WORK REQUIRED:
Begin at the first line of the records below and, please, give each line again exactly until the line with "undefined symbols (not" is included.

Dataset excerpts
----

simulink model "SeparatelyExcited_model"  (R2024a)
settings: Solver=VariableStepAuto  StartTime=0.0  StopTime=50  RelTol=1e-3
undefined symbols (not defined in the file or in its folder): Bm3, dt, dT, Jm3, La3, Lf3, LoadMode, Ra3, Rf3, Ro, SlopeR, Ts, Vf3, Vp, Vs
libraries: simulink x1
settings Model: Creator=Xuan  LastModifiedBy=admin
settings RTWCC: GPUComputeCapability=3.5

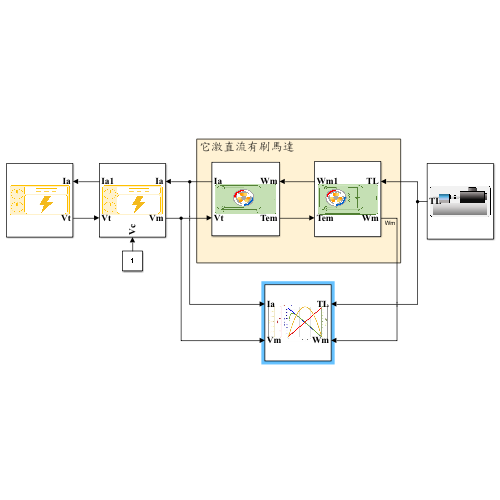
[thumbnail: Simulink's stored preview of the top-level diagram]
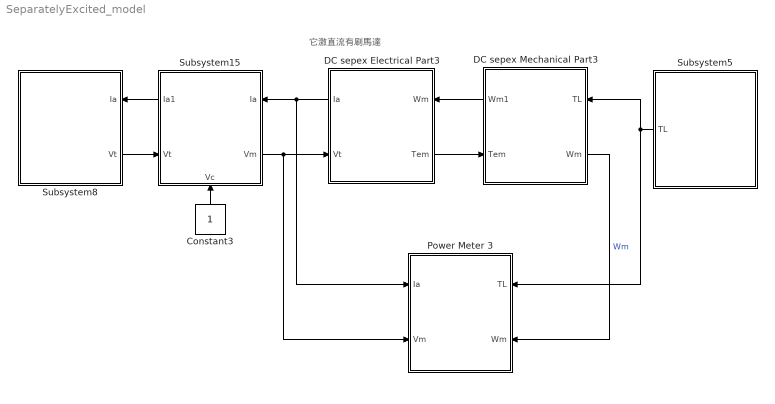
== system SeparatelyExcited_model ==
  note: 它激直流有刷馬達
  Constant3 : Constant
  DC sepex Electrical Part3 : Subsystem  InitFcn=|
      | La3 = 0.012;
      | Ra3 = 0.6;
      | Rf3 = 240;
      | Lf3 = 120;
      | Vf3 = 2;
      settings: PortSchema="{\"entries\":[{\"content\":{\"sides\":[{\"content\":{\"connectorIds\":[\"Out2\",\"In1\"]},\"type\":\"ConnectorPlacement.EquallySpacedRectSide\",\"uuid\":\"bcf8caf3-6f69-4504-a7ac-54864b04e584\"},{\"content\":{\"connectorIds\":[\"In2\",\"Out1\"],\"side\":\"RIGHT\"},\"type\":\"ConnectorPlacement.EquallySpacedRectSide\",\"uuid\":\"38d41819-7672-4c02-9170-774a5dddf0a6\"},{\"content\":{\"side\":\"TOP\"},\"type\":\"ConnectorPlacement.EquallySpacedRectSide\",\"uuid\":\"ec4d207e-12b8-4ef5-9f8a-a31af86c34d6\"},{\"content\":{\"side\":\"BOTTOM\"},\"type\":\"ConnectorPlacement.EquallySpacedRectSide\",\"uuid\":\"e747e378-c395-4326-997f-7ad970ad93b7\"}]},\"type\":\"ConnectorPlacement.EquallySpacedConnector\",\"uuid\":\"43deb926-5ff2-4c5e-a4ab-89e47786c42d\"}],\"packageUris\":[\"http://schema.mathworks.com/mf0/Connector/R2020b\"],\"version\":\"1.0\"}"
      mask Display: image('直流它激馬達2.png');
  DC sepex Mechanical Part3 : Subsystem  InitFcn=|
      | Jm3 = 1;
      | Bm3 = 0.02;
      settings: PortSchema="{\"entries\":[{\"content\":{\"sides\":[{\"content\":{\"connectorIds\":[\"Out2\",\"In1\"]},\"type\":\"ConnectorPlacement.EquallySpacedRectSide\",\"uuid\":\"aa24ada9-515e-4cdb-a8da-2d886abb389d\"},{\"content\":{\"connectorIds\":[\"In2\",\"Out1\"],\"side\":\"RIGHT\"},\"type\":\"ConnectorPlacement.EquallySpacedRectSide\",\"uuid\":\"72599521-268d-4a0b-847e-8595f852538d\"},{\"content\":{\"connectorIds\":[],\"side\":\"TOP\"},\"type\":\"ConnectorPlacement.EquallySpacedRectSide\",\"uuid\":\"7aa775e0-56de-4d39-8fe3-ba0ef8ecc165\"}]},\"type\":\"ConnectorPlacement.EquallySpacedConnector\",\"uuid\":\"0b47bd83-24f5-4cc4-a2dd-91de7f957050\"}],\"packageUris\":[\"http://schema.mathworks.com/mf0/Connector/R2020b\"],\"version\":\"1.0\"}"
      mask Display: image('直流它激馬達2.png');
  Power Meter 3 : Subsystem  InitFcn=|  StopFcn=|
      InitFcn=|
      | %% ModePlot
      | % PlotMode=1 or 2
      | PlotMode = 2;
      StopFcn=|
      | % %% Data Loading
      | % 
      | % tl3 = out.Tl3;
      | % f3 = size(tl3);
      | % 
      | % % clear datas 
      | % torque3 = 0;
      | % x13 = 0;
      | % y13 = 0; y23 = 0; y33 = 0; y43 = 0; y53 = 0; y63 = 0;
      | % 
      | % switch LoadMode   % mode ( 1:ramp load , 2:stair load )
      | % 
      | %     case 1  
      | % 
      | %         i = 1;
      | %         while 1
      | %             if tl3(i) > 0.01
      | %                s = i;
      | %                break
      | %             end
      | %             i = i+1;
      | %         end
      | %         torque3 = out.Tl3(s:f3(1));
      | %         x13 = out.omega3(s:f3(1));
      | %         % y13 = out.omega3(s:f3(1));
      | %         y23 = out.Eff3(s:f3(1));
      | %         y33 = out.Pin3(s:f3(1));
      | %         y43 = out.Pout3(s:f3(1));
      | %         y53 = out.Vs(s:f3(1));
      | %         y63 = out.Ia3(s:f3(1));
      | %         case 2
      | % 
      | %         tl_pre3 = 0;
      | %         j = 1;
      | %         for i = 1:f3(1)           
      | %             if tl3(i) > tl_pre3
      | %                 torque3(j,1) = tl3(i-1);
      | %                 x13(j,1) = out.omega3((i-1),1);
      | %                 % y13(j,1) = out.omega3((i-1),1);
      | %                 y23(j,1) = out.Eff3((i-1),1);
      | %                 y33(j,1) = out.Pin3((i-1),1);
      | %                 y43(j,1) = out.Pout3((i-1),1);
      | %                 y53(j,1) = out.Vs((i-1),1);
      | %                 y63(j,1) = out.Ia3((i-1),1);
      | %                 j = j+1;
      | %             end
      | %             tl_pre3 = tl3(i);
      | %         end
      | % end
      | % 
      | % %% Plot
      | % % plot TN curve
      | % 
      | % % figure(1);
      | % 
      | % figure(4);
      | % set(gcf, 'Position', [1050, 300, 1000, 500]); % [left, bottom, width, height]
      | % clf;
      | % 
      | % % Create empty axis system with 4 y axis by calling:
      | % % handle = maxis(number of axis, y-spacing between outside lines)
      | % h = myaxisc(5,0.10,[0.1,0.1,0.8,0.8]); % Specify position
      | % 
      | % % Call plot and specify y-axis number using method h.p(nr). For creating a
      | % % legend later, we need to assign the handles returned by plot to p.
      | % switch PlotMode
      | % 
      | %     case 1  
      | %         p(1) = plot(h.p(1),x13,torque3,'b','LineWidth',1.2);
      | %         p(2) = plot(h.p(2),x13,y23,'Color',[0.4660 0.6740 0.1880],'LineWidth',1.2);
      | %         p(3) = plot(h.p(3),x13,y63,'Color',[0.3010 0.7450 0.9330],'LineWidth',1.2);
      | %         p(4) = plot(h.p(4),x13,y53,'r','LineWidth',1.2);
      | %         p(5) = plot(h.p(5),x13,y33,'m','LineWidth',1.2);
      | %         print("case1");
      | % 
      | %     case 2
      | %         p(1) = plot(h.p(1),x13,torque3,'b-*','LineWidth',1.1);
      | %         p(2) = plot(h.p(2),x13,y23,'-*','Color',[0.4660 0.6740 0.1880],'LineWidth',1.1);
      | %         p(3) = plot(h.p(3),x13,y63,'-*','Color',[0.3010 0.7450 0.9330],'LineWidth',1.1);
      | %         p(4) = plot(h.p(4),x13,y53,'r-*','LineWidth',1.1);
      | %         p(5) = plot(h.p(5),x13,y33,'m-*','LineWidth',1.1);
      | %         print("case2");
      | % 
      | % end
      | % 
      | % h.autoscale % Automatically Scale Y Axis
      | % 
      | % % Additional methods to modify appearance, scaling and so on:
      | % 
      | % h.autoy(3) % Autoscale only specified y-axis
      | % %h.ylim(3,[95,105]); % Set Y-Limits for axis 3
      | % l3 = size(torque3);
      | % h.xlim([min(x13),max(x13)]);
      | % h.ylim(2,[0,100]); % Set Y-Limits for axis 4
      | % 
      | % h.gridon % Enable grid (use h.gridoff to remove)
      | % 
      | % % Modify the y-Axis Color
      | % h.ycolor(1,'b'); % torque
      | % h.ycolor(2,[0.4660 0.6740 0.1880]); % efficiency
      | % h.ycolor(3,[0.3010 0.7450 0.9330]); % current
      | % h.ycolor(4,'r'); % voltage
      | % h.ycolor(5,'m'); % power in
      | % 
      | % % Add y-Labels
      | % % h.ylabel(1,'Speed (RPM)');
      | % h.ylabel(1, 'TL (Nm)');
      | % h.ylabel(2,'Efficiency (%)');
      | % h.ylabel(3,'Current (A)');
      | % h.ylabel(4,'Voltage (volt)');
      | % h.ylabel(5,'Pin (W)');
      | % 
      | % % Add x-Label
      | % % h.xlabel('TL (Nm)');
      | % h.xlabel('Speed (RPM)');
      | % 
      | % % Add title
      | % title('TNcurve of Separately Excited Motor');
      | % set(gca,'FontWeight','bold','FontSize',14);
      | % 
      | % % Change Position of the whole myaxisc-Object
      | % h.position([0.1,0.1,0.8,0.8],0.12); % Position-Vector and Spacing 0.12
      | % 
      | % % Change all font sizes
      | % h.fontsize(10)
      | % 
      | % %% DataSaving
      | % time = out.tout;
      | % powerin3 = out.Pin3;
      | % powerout3 = out.Pout3;
      | % speed3 = out.omega3;
      | % efficiency3 = out.Eff3;
      | % voltage3 = out.Vs;
      | % current3 = out.Ia3;
      | % 
      | % filename = 'Seperately_TNcurve_DataSave.csv';
      | % savedata = [time, powerin3, powerout3, speed3, efficiency3, voltage3, current3];
      | % writematrix(savedata, filename);
      settings: PortSchema="{\"entries\":[{\"content\":{\"sides\":[{\"content\":{\"connectorIds\":[\"In1\",\"In2\"]},\"type\":\"ConnectorPlacement.EquallySpacedRectSide\",\"uuid\":\"e8c36156-32d4-4676-af0d-0891e0773ccb\"},{\"content\":{\"connectorIds\":[\"In3\",\"In4\"],\"side\":\"RIGHT\"},\"type\":\"ConnectorPlacement.EquallySpacedRectSide\",\"uuid\":\"5c876be3-b715-4990-b5f5-1fbda74411c9\"},{\"content\":{\"side\":\"TOP\"},\"type\":\"ConnectorPlacement.EquallySpacedRectSide\",\"uuid\":\"8aaa78a6-3767-49bf-860f-056d8a2101ef\"}]},\"type\":\"ConnectorPlacement.EquallySpacedConnector\",\"uuid\":\"6a38af7a-9eb4-49af-a88b-27cf70b05ead\"}],\"packageUris\":[\"http://schema.mathworks.com/mf0/Connector/R2020b\"],\"version\":\"1.0\"}"
      mask Display: image('TNcurve2.png');
  Subsystem15 : Subsystem  InitFcn=Vp = 1;
      settings: PortSchema="{\"entries\":[{\"content\":{\"sides\":[{\"content\":{\"connectorIds\":[\"Out2\",\"In1\"]},\"type\":\"ConnectorPlacement.EquallySpacedRectSide\",\"uuid\":\"717e91a0-288b-4ba5-84da-f262c24688bc\"},{\"content\":{\"connectorIds\":[\"In3\",\"Out1\"],\"side\":\"RIGHT\"},\"type\":\"ConnectorPlacement.EquallySpacedRectSide\",\"uuid\":\"569ee505-38fb-400b-9e45-0fafedafb0f3\"},{\"content\":{\"side\":\"TOP\"},\"type\":\"ConnectorPlacement.EquallySpacedRectSide\",\"uuid\":\"44407c3d-239d-4fc9-b2d2-10ddbad2f525\"},{\"content\":{\"connectorIds\":[\"In2\"],\"side\":\"BOTTOM\"},\"type\":\"ConnectorPlacement.EquallySpacedRectSide\",\"uuid\":\"abc944a0-1837-407a-a5f0-1c34ab870232\"}]},\"type\":\"ConnectorPlacement.EquallySpacedConnector\",\"uuid\":\"e894aa65-7991-48d5-91da-50bab94327d3\"}],\"packageUris\":[\"http://schema.mathworks.com/mf0/Connector/R2020b\"],\"version\":\"1.0\"}"
      mask Display: image('直流電源2.png');
  Subsystem5 : Subsystem  InitFcn=|
      | dt = 0.2;
      | dT = 0.05;
      | Ts = 2;
      | SlopeR = 0.2;
      | % if LoadMode>1.5, then use stair load
      | % if LoadMode<1.5, use linear load
      | LoadMode = 2;
      mask Display: image('主動式動力機2.png');
  Subsystem8 : Subsystem  InitFcn=|
      | Vs = 220;
      | Ro = 0.001;
      settings: PortSchema="{\"entries\":[{\"content\":{\"sides\":[{\"content\":{},\"type\":\"ConnectorPlacement.EquallySpacedRectSide\",\"uuid\":\"717e91a0-288b-4ba5-84da-f262c24688bc\"},{\"content\":{\"connectorIds\":[\"In1\",\"Out1\"],\"side\":\"RIGHT\"},\"type\":\"ConnectorPlacement.EquallySpacedRectSide\",\"uuid\":\"569ee505-38fb-400b-9e45-0fafedafb0f3\"},{\"content\":{\"side\":\"TOP\"},\"type\":\"ConnectorPlacement.EquallySpacedRectSide\",\"uuid\":\"44407c3d-239d-4fc9-b2d2-10ddbad2f525\"}]},\"type\":\"ConnectorPlacement.EquallySpacedConnector\",\"uuid\":\"e894aa65-7991-48d5-91da-50bab94327d3\"}],\"packageUris\":[\"http://schema.mathworks.com/mf0/Connector/R2020b\"],\"version\":\"1.0\"}"
      mask Display: image('直流電源2.png', "center");
  wires:
  DC sepex Mechanical Part3/1(Wm) -> Power Meter 3/4(Wm)  "Wm"
  DC sepex Electrical Part3/2(Ia) -> Subsystem15/3(Ia), Power Meter 3/1(Ia)
  DC sepex Electrical Part3/1(Tem) -> DC sepex Mechanical Part3/1(Tem)
  DC sepex Mechanical Part3/2(Wm1) -> DC sepex Electrical Part3/2(Wm)
  Subsystem15/2(Ia1) -> Subsystem8/1(Ia)
  Subsystem8/1(Vt) -> Subsystem15/1(Vt)
  Subsystem15/1(Vm) -> Power Meter 3/2(Vm), DC sepex Electrical Part3/1(Vt)
  Subsystem5/1(TL) -> DC sepex Mechanical Part3/2(TL), Power Meter 3/3(TL)
  Constant3/1 -> Subsystem15/2(Vc)

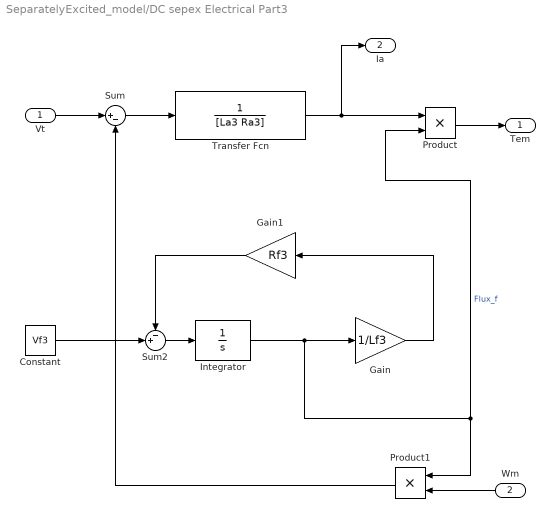
== system SeparatelyExcited_model/DC sepex Electrical Part3 ==
  Vt : Inport
  Wm : Inport  Port=2
  Constant : Constant  Value=Vf3
  Gain : Gain  Gain=1/Lf3
  Gain1 : Gain  Gain=Rf3
  Integrator : Integrator
  Product : Product
  Product1 : Product
  Sum : Sum  Inputs=|+-
  Sum2 : Sum  Inputs=-+|
  Transfer Fcn : TransferFcn  Denominator=[La3 Ra3]
  Tem : Outport
  Ia : Outport  Port=2
  wires:
  Wm/1 -> Product1/2
  Vt/1 -> Sum/1
  Product/1 -> Tem/1
  Constant/1 -> Sum2/2
  Transfer Fcn/1 -> Product/1, Ia/1
  Sum/1 -> Transfer Fcn/1
  Sum2/1 -> Integrator/1
  Integrator/1 -> Gain/1, Product1/1, Product/2  "Flux_f"
  Gain/1 -> Gain1/1
  Gain1/1 -> Sum2/1
  Product1/1 -> Sum/2

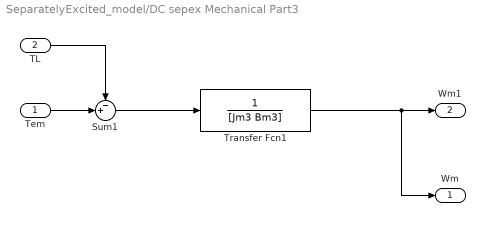
== system SeparatelyExcited_model/DC sepex Mechanical Part3 ==
  Tem : Inport
  TL : Inport  Port=2
  Sum1 : Sum  Inputs=-+|
  Transfer Fcn1 : TransferFcn  Denominator=[Jm3 Bm3]
  Wm : Outport
  Wm1 : Outport  Port=2
  wires:
  Tem/1 -> Sum1/2
  TL/1 -> Sum1/1
  Sum1/1 -> Transfer Fcn1/1
  Transfer Fcn1/1 -> Wm1/1, Wm/1

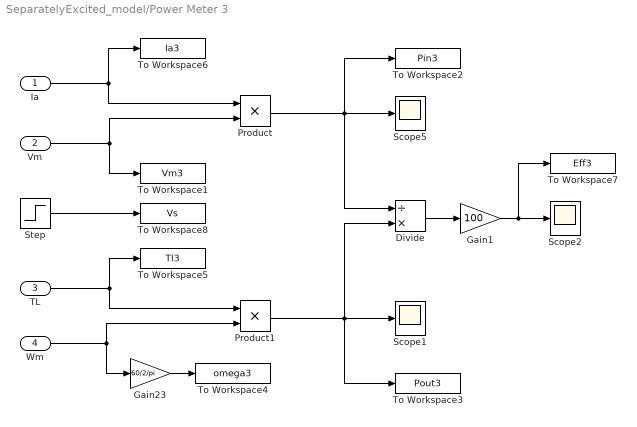
== system SeparatelyExcited_model/Power Meter 3 ==
  Ia : Inport
  Vm : Inport  Port=2
  TL : Inport  Port=3
  Wm : Inport  Port=4
  Divide : Product  Inputs=/*
  Gain1 : Gain  Gain=100
  Gain23 : Gain  Gain=60/2/pi
  Product : Product
  Product1 : Product
  Scope1 : Scope
  Scope2 : Scope
  Scope5 : Scope
  Step : Step  Time=0.1  After=Vs  SampleTime=0
  To Workspace1 : ToWorkspace  VariableName=Vm3  SampleTime=-1
  To Workspace2 : ToWorkspace  VariableName=Pin3  SampleTime=-1
  To Workspace3 : ToWorkspace  VariableName=Pout3  SampleTime=-1
  To Workspace4 : ToWorkspace  VariableName=omega3  SampleTime=-1
  To Workspace5 : ToWorkspace  VariableName=Tl3  SampleTime=-1
  To Workspace6 : ToWorkspace  VariableName=Ia3  SampleTime=-1
  To Workspace7 : ToWorkspace  VariableName=Eff3  SampleTime=-1
  To Workspace8 : ToWorkspace  VariableName=Vs  SampleTime=-1
  wires:
  Gain1/1 -> Scope2/1, To Workspace7/1
  Divide/1 -> Gain1/1
  Gain23/1 -> To Workspace4/1
  Wm/1 -> Gain23/1, Product1/2
  TL/1 -> Product1/1, To Workspace5/1
  Product1/1 -> Divide/2, To Workspace3/1, Scope1/1
  Product/1 -> To Workspace2/1, Scope5/1, Divide/1
  Vm/1 -> Product/2, To Workspace1/1
  Ia/1 -> To Workspace6/1, Product/1
  Step/1 -> To Workspace8/1

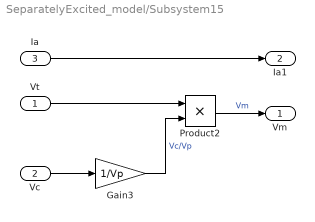
== system SeparatelyExcited_model/Subsystem15 ==
  Vt : Inport
  Vc : Inport  Port=2
  Ia : Inport  Port=3
  Gain3 : Gain  Gain=1/Vp
  Product2 : Product
  Vm : Outport
  Ia1 : Outport  Port=2
  wires:
  Gain3/1 -> Product2/2  "Vc/Vp"
  Product2/1 -> Vm/1  "Vm"
  Vt/1 -> Product2/1
  Vc/1 -> Gain3/1
  Ia/1 -> Ia1/1

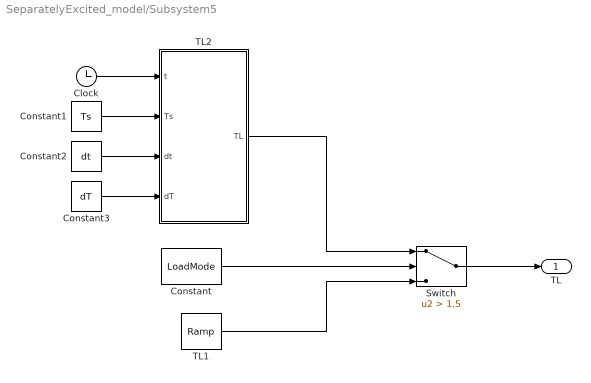
== system SeparatelyExcited_model/Subsystem5 ==
  Clock : Clock
  Constant : Constant  Value=LoadMode
  Constant1 : Constant  Value=Ts
  Constant2 : Constant  Value=dt  SampleTime=dT
  Constant3 : Constant  Value=dT
  Switch : Switch  Criteria=u2 > Threshold  Threshold=1.5  SaturateOnIntegerOverflow=off  InputSameDT=off
  TL1 : simulink/Sources/Ramp  slope=SlopeR  start=Ts  InitialOutput=0
  TL2 : MATLAB Function  TreatAsAtomicUnit=on
  TL : Outport
  wires:
  TL1/1 -> Switch/3
  TL2/1(TL) -> Switch/1
  Constant/1 -> Switch/2
  Switch/1 -> TL/1
  Constant1/1 -> TL2/2(Ts)
  Clock/1 -> TL2/1(t)
  Constant3/1 -> TL2/4(dT)
  Constant2/1 -> TL2/3(dt)

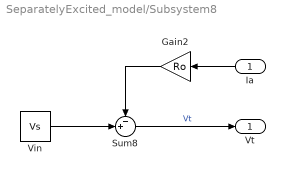
== system SeparatelyExcited_model/Subsystem8 ==
  Ia : Inport
  Gain2 : Gain  Gain=Ro
  Sum8 : Sum  Inputs=-+|
  Vin : Constant  Value=Vs
  Vt : Outport
  wires:
  Ia/1 -> Gain2/1
  Vin/1 -> Sum8/2
  Sum8/1 -> Vt/1  "Vt"
  Gain2/1 -> Sum8/1

== matlab function SeparatelyExcited_model/Subsystem5/TL2 ==
  data: t input; Ts input; TL output; dt input; dT input
function TL = fcn(t, Ts, dt, dT)

if t >= Ts
        TL = dT * fix((t-Ts)/dt);
else
    TL = 0;
end

----

REPLY TO THE TASK:
simulink model "SeparatelyExcited_model"  (R2024a)
settings: Solver=VariableStepAuto  StartTime=0.0  StopTime=50  RelTol=1e-3
undefined symbols (not defined in the file or in its folder): Bm3, dt, dT, Jm3, La3, Lf3, LoadMode, Ra3, Rf3, Ro, SlopeR, Ts, Vf3, Vp, Vs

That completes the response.